Are you referring to the Pin ***** decal, Scott? Agreed, you can't get out there with a generic no name boat.


----------



## STEELHEAD JUNKIE (Feb 20, 2010)

Nice Boat, Congrats. 

Hope to see it on the water.


----------



## cmueller302 (Jan 30, 2007)

Nice job on the boat guys. Looks roomy, yup always willing to help break in a new boat. I have no problem painting them with blood, spawn and slim then moving on to the next. 
If chromecrazy will help should have the boat painted in a couple hours. 

posted using Outdoor Hub Campfire


----------



## limpinglogan (Sep 23, 2009)

Awesome!


----------



## omalson (Dec 28, 2010)

Wow. I am gone for 1 week and it hits the fan. I am sorry you had to finish the boat without me but I really didn't card about Scotts boat when I boarded the plane for ak by the way we killed some black bears and some halibut. Thanks for finishing it chrome. 

posted using Outdoor Hub Campfire


----------



## Chrome Crazy (Nov 29, 2010)

Payment in halibut steak is enough for me. 
_Posted via Mobile Device_


----------



## STEELHEAD JUNKIE (Feb 20, 2010)




----------



## FishKilla419 (Feb 22, 2008)

Nice rig. I love the big boats with tillers.

Here fishy fishy..


----------



## omalson (Dec 28, 2010)

Amazing how much more room there is compared to a console. Less wiring controls. Just seems like a better way to go for the fishing we do. 

posted using Outdoor Hub Campfire


----------



## STEELHEAD JUNKIE (Feb 20, 2010)

omalson said:


> Amazing how much more room there is compared to a console. Less wiring controls. Just seems like a better way to go for the fishing we do.
> 
> posted using Outdoor Hub Campfire


----------



## DReihl9896 (Nov 20, 2012)

omalson said:


> Amazing how much more room there is compared to a console. Less wiring controls. Just seems like a better way to go for the fishing we do.
> 
> posted using Outdoor Hub Campfire


Yeah, but what you really like is that the boat operator sits in the back and therefor gets the first drift on most runs.


----------



## omalson (Dec 28, 2010)

First drift or last drift doesn't matter with you moose. 

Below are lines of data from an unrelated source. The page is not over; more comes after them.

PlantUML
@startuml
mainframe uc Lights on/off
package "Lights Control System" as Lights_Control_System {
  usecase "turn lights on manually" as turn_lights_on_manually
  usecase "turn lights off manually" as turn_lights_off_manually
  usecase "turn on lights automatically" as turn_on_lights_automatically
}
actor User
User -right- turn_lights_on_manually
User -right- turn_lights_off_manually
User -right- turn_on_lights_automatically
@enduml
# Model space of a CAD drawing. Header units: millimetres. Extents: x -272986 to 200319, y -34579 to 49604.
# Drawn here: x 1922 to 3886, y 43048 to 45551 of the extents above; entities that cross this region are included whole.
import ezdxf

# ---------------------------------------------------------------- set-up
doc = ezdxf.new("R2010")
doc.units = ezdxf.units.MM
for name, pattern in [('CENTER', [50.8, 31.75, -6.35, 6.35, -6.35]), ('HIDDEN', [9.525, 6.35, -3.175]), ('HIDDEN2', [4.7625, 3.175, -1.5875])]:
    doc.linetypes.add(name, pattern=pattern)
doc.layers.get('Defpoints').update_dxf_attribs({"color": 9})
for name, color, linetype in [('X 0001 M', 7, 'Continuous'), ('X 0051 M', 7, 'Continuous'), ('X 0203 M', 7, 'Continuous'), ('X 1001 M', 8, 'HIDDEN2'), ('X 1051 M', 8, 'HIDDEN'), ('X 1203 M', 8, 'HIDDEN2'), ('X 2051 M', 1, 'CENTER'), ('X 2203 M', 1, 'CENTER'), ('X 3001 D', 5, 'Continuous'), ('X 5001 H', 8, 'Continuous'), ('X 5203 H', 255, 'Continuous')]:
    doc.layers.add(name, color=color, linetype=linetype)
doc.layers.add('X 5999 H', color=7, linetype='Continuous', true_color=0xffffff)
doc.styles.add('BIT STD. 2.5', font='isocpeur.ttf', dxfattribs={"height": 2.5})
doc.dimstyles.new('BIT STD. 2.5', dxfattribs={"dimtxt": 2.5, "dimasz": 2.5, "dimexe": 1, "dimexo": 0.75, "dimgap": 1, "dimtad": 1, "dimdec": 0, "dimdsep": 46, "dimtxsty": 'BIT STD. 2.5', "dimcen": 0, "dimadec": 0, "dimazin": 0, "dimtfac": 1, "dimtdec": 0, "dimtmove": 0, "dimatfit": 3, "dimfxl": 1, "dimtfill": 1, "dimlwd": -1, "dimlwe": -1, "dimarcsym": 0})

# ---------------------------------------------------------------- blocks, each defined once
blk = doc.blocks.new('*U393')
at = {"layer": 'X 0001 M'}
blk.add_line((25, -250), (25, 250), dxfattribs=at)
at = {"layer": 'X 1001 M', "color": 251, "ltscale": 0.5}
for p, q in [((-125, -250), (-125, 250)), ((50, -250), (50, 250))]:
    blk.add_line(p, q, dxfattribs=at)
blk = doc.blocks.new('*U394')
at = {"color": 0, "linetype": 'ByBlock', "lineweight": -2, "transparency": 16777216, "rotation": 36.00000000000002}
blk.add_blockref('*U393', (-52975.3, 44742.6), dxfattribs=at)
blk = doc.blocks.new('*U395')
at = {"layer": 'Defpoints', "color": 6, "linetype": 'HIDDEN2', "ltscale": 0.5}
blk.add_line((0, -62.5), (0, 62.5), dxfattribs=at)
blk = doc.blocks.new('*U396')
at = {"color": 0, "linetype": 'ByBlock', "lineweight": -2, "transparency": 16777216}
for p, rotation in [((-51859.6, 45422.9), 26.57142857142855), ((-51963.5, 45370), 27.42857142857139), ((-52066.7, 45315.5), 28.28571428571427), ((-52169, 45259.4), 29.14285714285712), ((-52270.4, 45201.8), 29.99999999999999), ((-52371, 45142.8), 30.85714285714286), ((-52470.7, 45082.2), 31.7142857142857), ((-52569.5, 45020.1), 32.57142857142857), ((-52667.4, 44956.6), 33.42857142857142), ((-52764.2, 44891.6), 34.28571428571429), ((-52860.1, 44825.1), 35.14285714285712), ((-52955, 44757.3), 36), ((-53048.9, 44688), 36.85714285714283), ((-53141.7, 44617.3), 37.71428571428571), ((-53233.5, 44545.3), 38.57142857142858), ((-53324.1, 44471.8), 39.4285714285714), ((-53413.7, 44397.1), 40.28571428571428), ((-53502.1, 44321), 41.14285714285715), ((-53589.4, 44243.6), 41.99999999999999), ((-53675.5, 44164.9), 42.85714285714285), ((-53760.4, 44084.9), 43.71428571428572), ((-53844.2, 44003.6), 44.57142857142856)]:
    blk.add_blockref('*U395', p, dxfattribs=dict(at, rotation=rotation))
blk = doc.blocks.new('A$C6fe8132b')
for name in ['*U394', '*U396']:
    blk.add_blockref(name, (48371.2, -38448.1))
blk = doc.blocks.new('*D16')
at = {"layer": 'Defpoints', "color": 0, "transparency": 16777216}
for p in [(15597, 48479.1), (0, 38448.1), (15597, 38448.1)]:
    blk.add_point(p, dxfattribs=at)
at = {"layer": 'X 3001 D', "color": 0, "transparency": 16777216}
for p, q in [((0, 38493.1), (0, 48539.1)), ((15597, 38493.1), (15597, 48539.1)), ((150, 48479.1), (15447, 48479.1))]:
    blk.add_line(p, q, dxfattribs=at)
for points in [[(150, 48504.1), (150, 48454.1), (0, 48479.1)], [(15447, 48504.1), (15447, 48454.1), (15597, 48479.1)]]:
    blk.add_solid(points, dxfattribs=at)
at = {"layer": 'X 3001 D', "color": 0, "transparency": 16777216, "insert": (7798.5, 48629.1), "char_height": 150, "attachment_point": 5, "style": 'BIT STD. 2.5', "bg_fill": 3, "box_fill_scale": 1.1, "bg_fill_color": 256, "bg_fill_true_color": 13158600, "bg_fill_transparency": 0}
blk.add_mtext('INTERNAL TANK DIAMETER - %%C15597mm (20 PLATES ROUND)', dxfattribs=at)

posted using Outdoor Hub Campfire


----------



## Splitshot (Nov 30, 2000)

Very nice boat. Not trying to be critical, but I would replace the cable on your winch with a rope just in case you get your anchor caught on a snag like I did once.


----------



## omalson (Dec 28, 2010)

Good advice. The rivers I fish I am not worried about it. But good point

posted using Outdoor Hub Campfire


----------



## omalson (Dec 28, 2010)

I misread the post. It is rope not cable. I thought you were recommending cable. I have had to cut boats free on a river I Alaska before we sank it. Rope all the way and a sharp knife handy. 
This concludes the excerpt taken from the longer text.